Boba Phat | Restaurant Reviews | Salt Lake City Weekly
Support the Free Press | Facts matter. Truth matters. Journalism matters
Salt Lake City Weekly has been Utah's source of independent news and in-depth journalism since 1984. Donate today to ensure the legacy continues.

Eat & Drink » Restaurant Reviews

Boba Phat

Get your creative quench on with Salt Lake's Space Tea.


  • Alex Springer

The summer months are rapidly approaching, and if you haven't outlined a solid liquid-refreshment plan, complete with a supplemental chilled dessert addendum, it's time to get cracking. I came up with mine back in January, and it's quite comprehensive. Though I'm not sure I can get into the deep minutiae of said refreshment plan, I think it's safe to reveal the crux of the whole thing. Based on my preliminary visits, the cosmic bubble tea blends and monolithic taiyaki waffles at Space Tea (1085 S. State Street, 385-528-0141, will make it a sort of beverage hub for me come summer.

I first encountered Space Tea via my Instagram feed—their charming space otter logo and lineup of colorful caffeinated brews provided a nice pop of brightness to my timeline, so I took note. Any time I see boba drinks that have accoutrements like aloe jelly, pureed peaches and soft serve, I tend to reconsider my existing biases against this trendy drink. It's locally-owned and operated by the Ly family, and I had a chance to speak with Don Ly about this new addition to Salt Lake after snagging some boba tea during a recent visit.

While managing Space Tea, Ly is also studying at the University of Utah to be an elementary educator. Between his studies and managing a café in the middle of a pandemic, Ly's got quite a bit on his plate. "Opening during a pandemic has been challenging," Ly says. "We're still on a strict no dine-in policy, which can impact the customer experience."

Luckily, Space Tea's signature drinks and desserts are easy for the grab-and-go diner craving cool drinks bedazzled with a multitude of slippery textures. "I think bubble tea is starting to become more popular," Ly says. "I wanted to branch out and offer a more unique experience for bubble tea in Salt Lake." That unique experience is on display with Space Tea's later hours, rotating mix of seasonal drinks and astronomy-inspired concepts.
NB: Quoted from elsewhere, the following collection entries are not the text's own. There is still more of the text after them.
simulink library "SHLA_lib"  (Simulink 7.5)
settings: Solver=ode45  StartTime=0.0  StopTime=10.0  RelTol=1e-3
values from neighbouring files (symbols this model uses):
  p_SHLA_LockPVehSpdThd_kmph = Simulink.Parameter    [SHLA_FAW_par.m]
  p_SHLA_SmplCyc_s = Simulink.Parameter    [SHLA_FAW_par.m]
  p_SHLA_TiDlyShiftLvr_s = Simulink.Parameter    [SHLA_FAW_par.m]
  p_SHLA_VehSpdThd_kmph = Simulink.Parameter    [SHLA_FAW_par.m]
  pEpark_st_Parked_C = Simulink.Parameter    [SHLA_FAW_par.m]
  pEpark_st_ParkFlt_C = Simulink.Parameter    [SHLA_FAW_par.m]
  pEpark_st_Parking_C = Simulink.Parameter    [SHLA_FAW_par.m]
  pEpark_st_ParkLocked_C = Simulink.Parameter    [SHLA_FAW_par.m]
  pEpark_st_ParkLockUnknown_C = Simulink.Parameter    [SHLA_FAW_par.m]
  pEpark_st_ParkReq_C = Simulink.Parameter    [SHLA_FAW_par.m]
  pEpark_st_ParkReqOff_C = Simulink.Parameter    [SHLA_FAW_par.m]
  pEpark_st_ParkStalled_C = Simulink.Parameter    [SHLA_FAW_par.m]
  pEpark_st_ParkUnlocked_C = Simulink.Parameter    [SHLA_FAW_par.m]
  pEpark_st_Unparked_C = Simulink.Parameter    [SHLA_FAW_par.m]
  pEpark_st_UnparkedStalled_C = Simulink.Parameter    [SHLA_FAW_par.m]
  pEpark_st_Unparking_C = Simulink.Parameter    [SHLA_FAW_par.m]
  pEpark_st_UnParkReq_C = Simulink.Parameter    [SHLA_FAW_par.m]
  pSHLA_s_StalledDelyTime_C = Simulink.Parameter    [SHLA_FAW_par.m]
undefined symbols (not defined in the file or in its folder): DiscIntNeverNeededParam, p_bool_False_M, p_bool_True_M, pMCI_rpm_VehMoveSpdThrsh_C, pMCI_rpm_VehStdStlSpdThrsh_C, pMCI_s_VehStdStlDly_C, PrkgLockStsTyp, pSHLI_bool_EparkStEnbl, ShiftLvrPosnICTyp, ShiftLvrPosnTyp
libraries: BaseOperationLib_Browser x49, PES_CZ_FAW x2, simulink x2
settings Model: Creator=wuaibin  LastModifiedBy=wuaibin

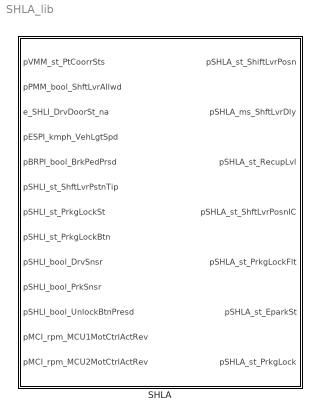
== system SHLA_lib ==
  SHLA : Subsystem  TreatAsAtomicUnit=on

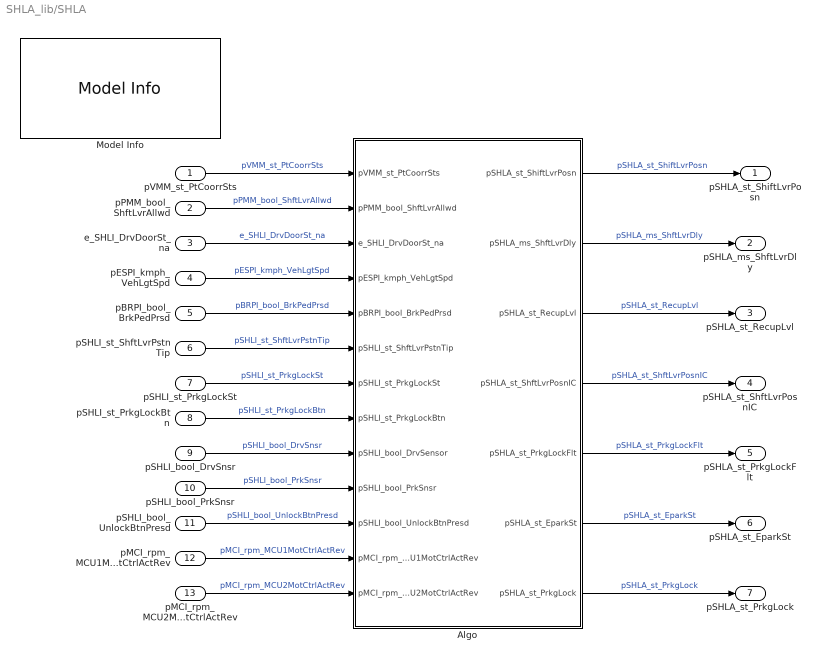
== system SHLA_lib/SHLA ==
  pVMM_st_PtCoorrSts : Inport  OutDataType=fixdt(1, 16)  OutScaling=2^0
  pPMM_bool_ShftLvrAllwd : Inport  Port=2  OutDataType=fixdt(1, 16)  OutScaling=2^0
  e_SHLI_DrvDoorSt_na : Inport  Port=3  OutDataType=fixdt(1, 16)  OutScaling=2^0
  pESPI_kmph_VehLgtSpd : Inport  Port=4  OutDataType=fixdt(1, 16)  OutScaling=2^0
  pBRPI_bool_BrkPedPrsd : Inport  Port=5  OutDataType=fixdt(1, 16)  OutScaling=2^0
  pSHLI_st_ShftLvrPstnTip : Inport  Port=6  OutDataType=fixdt(1, 16)  OutScaling=2^0
  pSHLI_st_PrkgLockSt : Inport  Port=7  OutDataType=fixdt(1, 16)  OutScaling=2^0
  pSHLI_st_PrkgLockBtn : Inport  Port=8  OutDataType=fixdt(1, 16)  OutScaling=2^0
  pSHLI_bool_DrvSnsr : Inport  Port=9
  pSHLI_bool_PrkSnsr : Inport  Port=10
  pSHLI_bool_UnlockBtnPresd : Inport  Port=11
  pMCI_rpm_MCU1MotCtrlActRev : Inport  Port=12
  pMCI_rpm_MCU2MotCtrlActRev : Inport  Port=13
  Algo : Subsystem  TreatAsAtomicUnit=on
  Model Info : simulink/Model-Wide Utilities/Model Info  SystemSampleTime=-1  InitialBlockCM=None  BlockCM=None  Frame=on  DisplayStringWithTags=Model Info\nCreated: %<Created>\nCreator: wuaibin  HorizontalTextAlignment=Center  LeftAlignmentValue=0.5  SourceBlockDiagram=HQEV_HCU  TagMaxNumber=20
  pSHLA_st_ShiftLvrPosn : Outport
  pSHLA_ms_ShftLvrDly : Outport  Port=2
  pSHLA_st_RecupLvl : Outport  Port=3
  pSHLA_st_ShftLvrPosnIC : Outport  Port=4
  pSHLA_st_PrkgLockFlt : Outport  Port=5
  pSHLA_st_EparkSt : Outport  Port=6
  pSHLA_st_PrkgLock : Outport  Port=7
  wires:
  pVMM_st_PtCoorrSts/1 -> Algo/1(pVMM_st_PtCoorrSts)  "pVMM_st_PtCoorrSts"
  pPMM_bool_ShftLvrAllwd/1 -> Algo/2(pPMM_bool_ShftLvrAllwd)  "pPMM_bool_ShftLvrAllwd"
  pBRPI_bool_BrkPedPrsd/1 -> Algo/5(pBRPI_bool_BrkPedPrsd)  "pBRPI_bool_BrkPedPrsd"
  pESPI_kmph_VehLgtSpd/1 -> Algo/4(pESPI_kmph_VehLgtSpd)  "pESPI_kmph_VehLgtSpd"
  pSHLI_st_ShftLvrPstnTip/1 -> Algo/6(pSHLI_st_ShftLvrPstnTip)  "pSHLI_st_ShftLvrPstnTip"
  pSHLI_st_PrkgLockSt/1 -> Algo/7(pSHLI_st_PrkgLockSt)  "pSHLI_st_PrkgLockSt"
  pSHLI_st_PrkgLockBtn/1 -> Algo/8(pSHLI_st_PrkgLockBtn)  "pSHLI_st_PrkgLockBtn"
  pSHLI_bool_DrvSnsr/1 -> Algo/9(pSHLI_bool_DrvSensor)  "pSHLI_bool_DrvSnsr"
  pSHLI_bool_PrkSnsr/1 -> Algo/10(pSHLI_bool_PrkSnsr)  "pSHLI_bool_PrkSnsr"
  Algo/2(pSHLA_ms_ShftLvrDly) -> pSHLA_ms_ShftLvrDly/1  "pSHLA_ms_ShftLvrDly"
  Algo/6(pSHLA_st_EparkSt) -> pSHLA_st_EparkSt/1  "pSHLA_st_EparkSt"
  Algo/3(pSHLA_st_RecupLvl) -> pSHLA_st_RecupLvl/1  "pSHLA_st_RecupLvl"
  Algo/1(pSHLA_st_ShiftLvrPosn) -> pSHLA_st_ShiftLvrPosn/1  "pSHLA_st_ShiftLvrPosn"
  Algo/5(pSHLA_st_PrkgLockFlt) -> pSHLA_st_PrkgLockFlt/1  "pSHLA_st_PrkgLockFlt"
  Algo/4(pSHLA_st_ShftLvrPosnIC) -> pSHLA_st_ShftLvrPosnIC/1  "pSHLA_st_ShftLvrPosnIC"
  Algo/7(pSHLA_st_PrkgLock) -> pSHLA_st_PrkgLock/1  "pSHLA_st_PrkgLock"
  pSHLI_bool_UnlockBtnPresd/1 -> Algo/11(pSHLI_bool_UnlockBtnPresd)  "pSHLI_bool_UnlockBtnPresd"
  pMCI_rpm_MCU1MotCtrlActRev/1 -> Algo/12(pMCI_rpm_MCU1MotCtrlActRev)  "pMCI_rpm_MCU1MotCtrlActRev"
  pMCI_rpm_MCU2MotCtrlActRev/1 -> Algo/13(pMCI_rpm_MCU2MotCtrlActRev)  "pMCI_rpm_MCU2MotCtrlActRev"
  e_SHLI_DrvDoorSt_na/1 -> Algo/3(e_SHLI_DrvDoorSt_na)  "e_SHLI_DrvDoorSt_na"

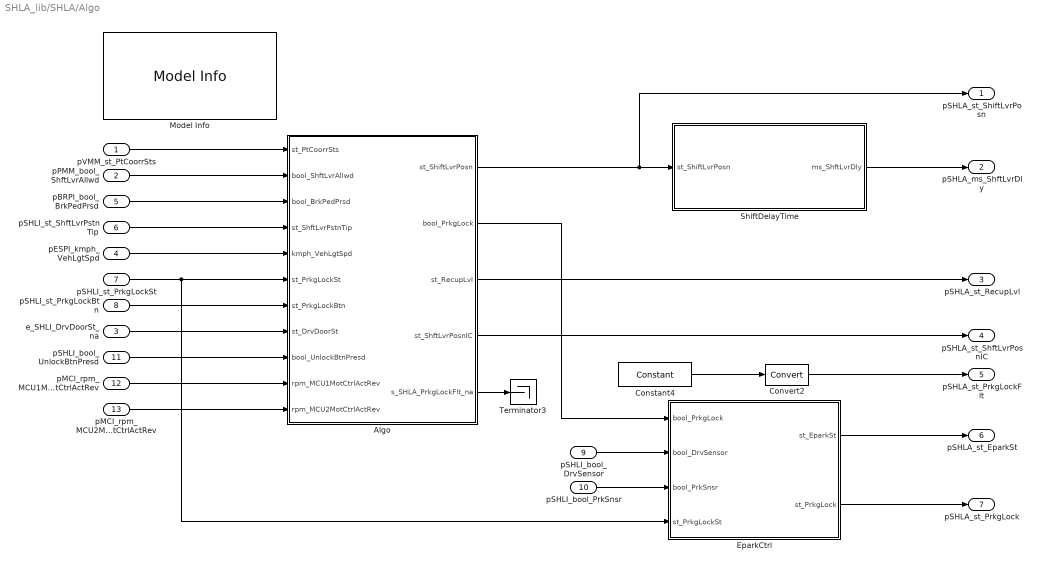
== system SHLA_lib/SHLA/Algo ==
  pVMM_st_PtCoorrSts : Inport  OutDataType=fixdt(1, 16)  OutScaling=2^0
  pPMM_bool_ShftLvrAllwd : Inport  Port=2  OutDataType=fixdt(1, 16)  OutScaling=2^0
  e_SHLI_DrvDoorSt_na : Inport  Port=3  OutDataType=fixdt(1, 16)  OutScaling=2^0
  pESPI_kmph_VehLgtSpd : Inport  Port=4  OutDataType=fixdt(1, 16)  OutScaling=2^0
  pBRPI_bool_BrkPedPrsd : Inport  Port=5  OutDataType=fixdt(1, 16)  OutScaling=2^0
  pSHLI_st_ShftLvrPstnTip : Inport  Port=6  OutDataType=fixdt(1, 16)  OutScaling=2^0
  pSHLI_st_PrkgLockSt : Inport  Port=7  OutDataType=fixdt(1, 16)  OutScaling=2^0
  pSHLI_st_PrkgLockBtn : Inport  Port=8  OutDataType=fixdt(1, 16)  OutScaling=2^0
  pSHLI_bool_DrvSensor : Inport  Port=9
  pSHLI_bool_PrkSnsr : Inport  Port=10
  pSHLI_bool_UnlockBtnPresd : Inport  Port=11  OutDataType=fixdt(1, 16)  OutScaling=2^0
  pMCI_rpm_MCU1MotCtrlActRev : Inport  Port=12
  pMCI_rpm_MCU2MotCtrlActRev : Inport  Port=13
  Algo : Subsystem
  Constant4 : BaseOperationLib_Browser/Sources&Sinks/Constant  Value=p_bool_False_M  OutMin=[]  OutMax=[]  OutDataType=fixdt(1, 16)  ConRadixGroup=Use specified scaling  OutScaling=2^0  OutDataTypeStr=Inherit: Inherit from 'Constant value'
  Convert2 : DataTypeConversion  OutDataType=fixdt(1, 16)  OutScaling=2^0
  EparkCtrl : Subsystem
  Model Info : simulink/Model-Wide Utilities/Model Info  SystemSampleTime=-1  InitialBlockCM=None  BlockCM=None  Frame=on  DisplayStringWithTags=Model Info\nCreated: %<Created>\nCreator: %<Creator>  HorizontalTextAlignment=Center  LeftAlignmentValue=0.5  SourceBlockDiagram=HQEV_HCU  TagMaxNumber=20
  ShiftDelayTime : Subsystem
  Terminator3 : Terminator
  pSHLA_st_ShiftLvrPosn : Outport
  pSHLA_ms_ShftLvrDly : Outport  Port=2
  pSHLA_st_RecupLvl : Outport  Port=3
  pSHLA_st_ShftLvrPosnIC : Outport  Port=4
  pSHLA_st_PrkgLockFlt : Outport  Port=5
  pSHLA_st_EparkSt : Outport  Port=6
  pSHLA_st_PrkgLock : Outport  Port=7
  wires:
  pSHLI_bool_UnlockBtnPresd/1 -> Algo/9(bool_UnlockBtnPresd)
  e_SHLI_DrvDoorSt_na/1 -> Algo/8(st_DrvDoorSt)
  ShiftDelayTime/1(ms_ShftLvrDly) -> pSHLA_ms_ShftLvrDly/1
  pBRPI_bool_BrkPedPrsd/1 -> Algo/3(bool_BrkPedPrsd)
  pSHLI_st_ShftLvrPstnTip/1 -> Algo/4(st_ShftLvrPstnTip)
  pPMM_bool_ShftLvrAllwd/1 -> Algo/2(bool_ShftLvrAllwd)
  pESPI_kmph_VehLgtSpd/1 -> Algo/5(kmph_VehLgtSpd)
  pVMM_st_PtCoorrSts/1 -> Algo/1(st_PtCoorrSts)
  Algo/3(st_RecupLvl) -> pSHLA_st_RecupLvl/1
  pSHLI_st_PrkgLockSt/1 -> EparkCtrl/4(st_PrkgLockSt), Algo/6(st_PrkgLockSt)
  pSHLI_st_PrkgLockBtn/1 -> Algo/7(st_PrkgLockBtn)
  Convert2/1 -> pSHLA_st_PrkgLockFlt/1
  Algo/4(st_ShftLvrPosnIC) -> pSHLA_st_ShftLvrPosnIC/1
  Algo/1(st_ShiftLvrPosn) -> pSHLA_st_ShiftLvrPosn/1, ShiftDelayTime/1(st_ShiftLvrPosn)
  Constant4/1 -> Convert2/1
  Algo/5(s_SHLA_PrkgLockFlt_na) -> Terminator3/1
  pSHLI_bool_DrvSensor/1 -> EparkCtrl/2(bool_DrvSensor)
  pSHLI_bool_PrkSnsr/1 -> EparkCtrl/3(bool_PrkSnsr)
  EparkCtrl/1(st_EparkSt) -> pSHLA_st_EparkSt/1
  Algo/2(bool_PrkgLock) -> EparkCtrl/1(bool_PrkgLock)
  EparkCtrl/2(st_PrkgLock) -> pSHLA_st_PrkgLock/1
  pMCI_rpm_MCU1MotCtrlActRev/1 -> Algo/10(rpm_MCU1MotCtrlActRev)
  pMCI_rpm_MCU2MotCtrlActRev/1 -> Algo/11(rpm_MCU2MotCtrlActRev)

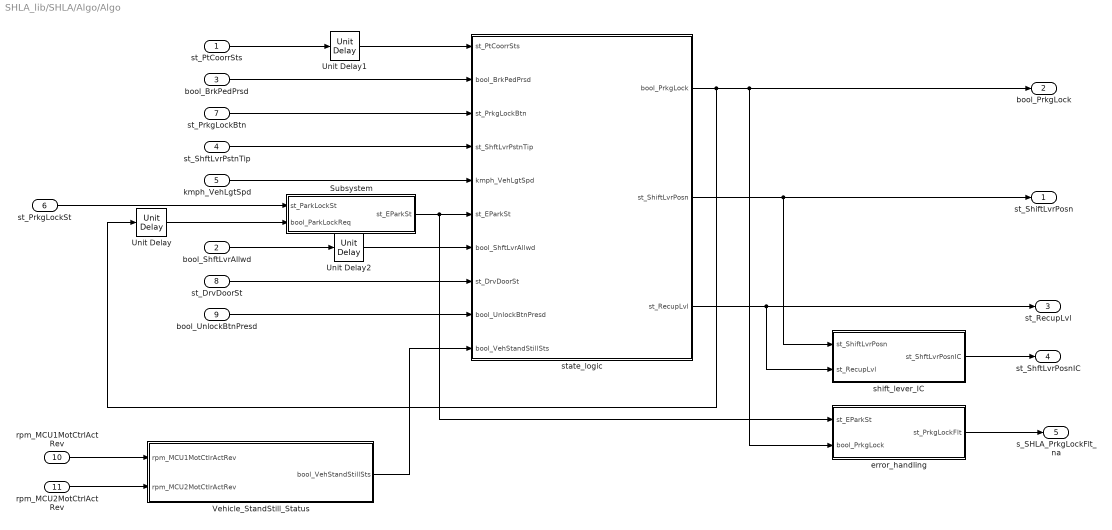
== system SHLA_lib/SHLA/Algo/Algo ==
  st_PtCoorrSts : Inport  OutDataType=fixdt(1, 16)  OutScaling=2^0
  bool_ShftLvrAllwd : Inport  Port=2  OutDataType=fixdt(1, 16)  OutScaling=2^0
  bool_BrkPedPrsd : Inport  Port=3  OutDataType=fixdt(1, 16)  OutScaling=2^0
  st_ShftLvrPstnTip : Inport  Port=4  OutDataType=fixdt(1, 16)  OutScaling=2^0
  kmph_VehLgtSpd : Inport  Port=5  OutDataType=fixdt(1, 16)  OutScaling=2^0
  st_PrkgLockSt : Inport  Port=6  OutDataType=fixdt(1, 16)  OutScaling=2^0
  st_PrkgLockBtn : Inport  Port=7  OutDataType=fixdt(1, 16)  OutScaling=2^0
  st_DrvDoorSt : Inport  Port=8  OutDataType=fixdt(1, 16)  OutScaling=2^0
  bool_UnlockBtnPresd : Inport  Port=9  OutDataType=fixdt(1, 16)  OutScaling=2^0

My first foray into the menu's multicolored madness was the Milky Way ($5.85), which takes a traditional milk tea, loads it up with black sugar boba, cream and bits of crushed Oreo cookies. It sounds a bit bonkers on paper, but once you jab that industrial-sized straw through the seal on top of this sugary delight and commence slurping, it'll all make sense. The Milky Way captures the nostalgic flavor combination of Oreos and milk while spiking the whole experience with notes of smoky black tea, adding a dash of sophistication to the palate. For something a bit less extreme but just as energizing, the Otter Space ($5.85) packs the same caffeinated punch and milk tea goodness with some soft serve and black sugar boba.

My favorite fruit-filled drinks at Space Tea tend to be on the green side—must be a holdover from all that lime Kool Aid that got me through pre-adolescence. The Martian ($5.85), made from honeydew lemonade, aloe jelly, crystal boba and an assorted fruit cocktail, gets my vote for the ultimate summer refresher. I've developed a fondness for aloe beverages after burning my mouth one too many times on spicy Thai or Korean dishes, so adding that soothing element to a cool blend of honeydew lemonade—more sweet than tart—and throwing in some crushed fruit helps extinguish both external and internal conflagrations.

The surprise of my visit was the Pluto's Peach ($5.85), a peach-infused green tea blend served with honey boba. Space Tea's peachy green tea balances its flavor combo nicely, and the crushed peaches-and-cream midsection is a nice textural interlude.

It's a safe bet that you'll find something tasty with which to wet your whistle at Space Tea, but the real safety net for getting through Utah's smoldering summer temperatures will be the taiyaki ($6.45), a Japanese dessert that is almost too beautiful to eat. It starts with a waffle baked in the shape of a fish, filled with red bean, Nutella or biscoff and topped with soft serve. Space Tea always has vanilla on tap, but their second flavor tends to change with the seasonal menu. Taiyaki is one of the most grandiose yet approachable desserts you'll lay eyes on, and I look forward to enjoying many of these as I sweat out another summer on the Wasatch Front.

On top of fashioning a creative and colorful menu of beverages, Space Tea has been active in various local fundraisers. Most recently, they donated a portion of their proceeds to OCA Utah and Red Canary Song in solidarity with the Asian-American community that has faced so much adversity as of late. "I really wanted Space Tea to be a community-based business, and we have been more than happy to help out," Ly says.

While Utah's persistent winter chill continues to haunt our spring mornings, that arid summer heat will be here before you know it. May the cosmology of Space Tea lead you and your taste buds through the heat unscathed.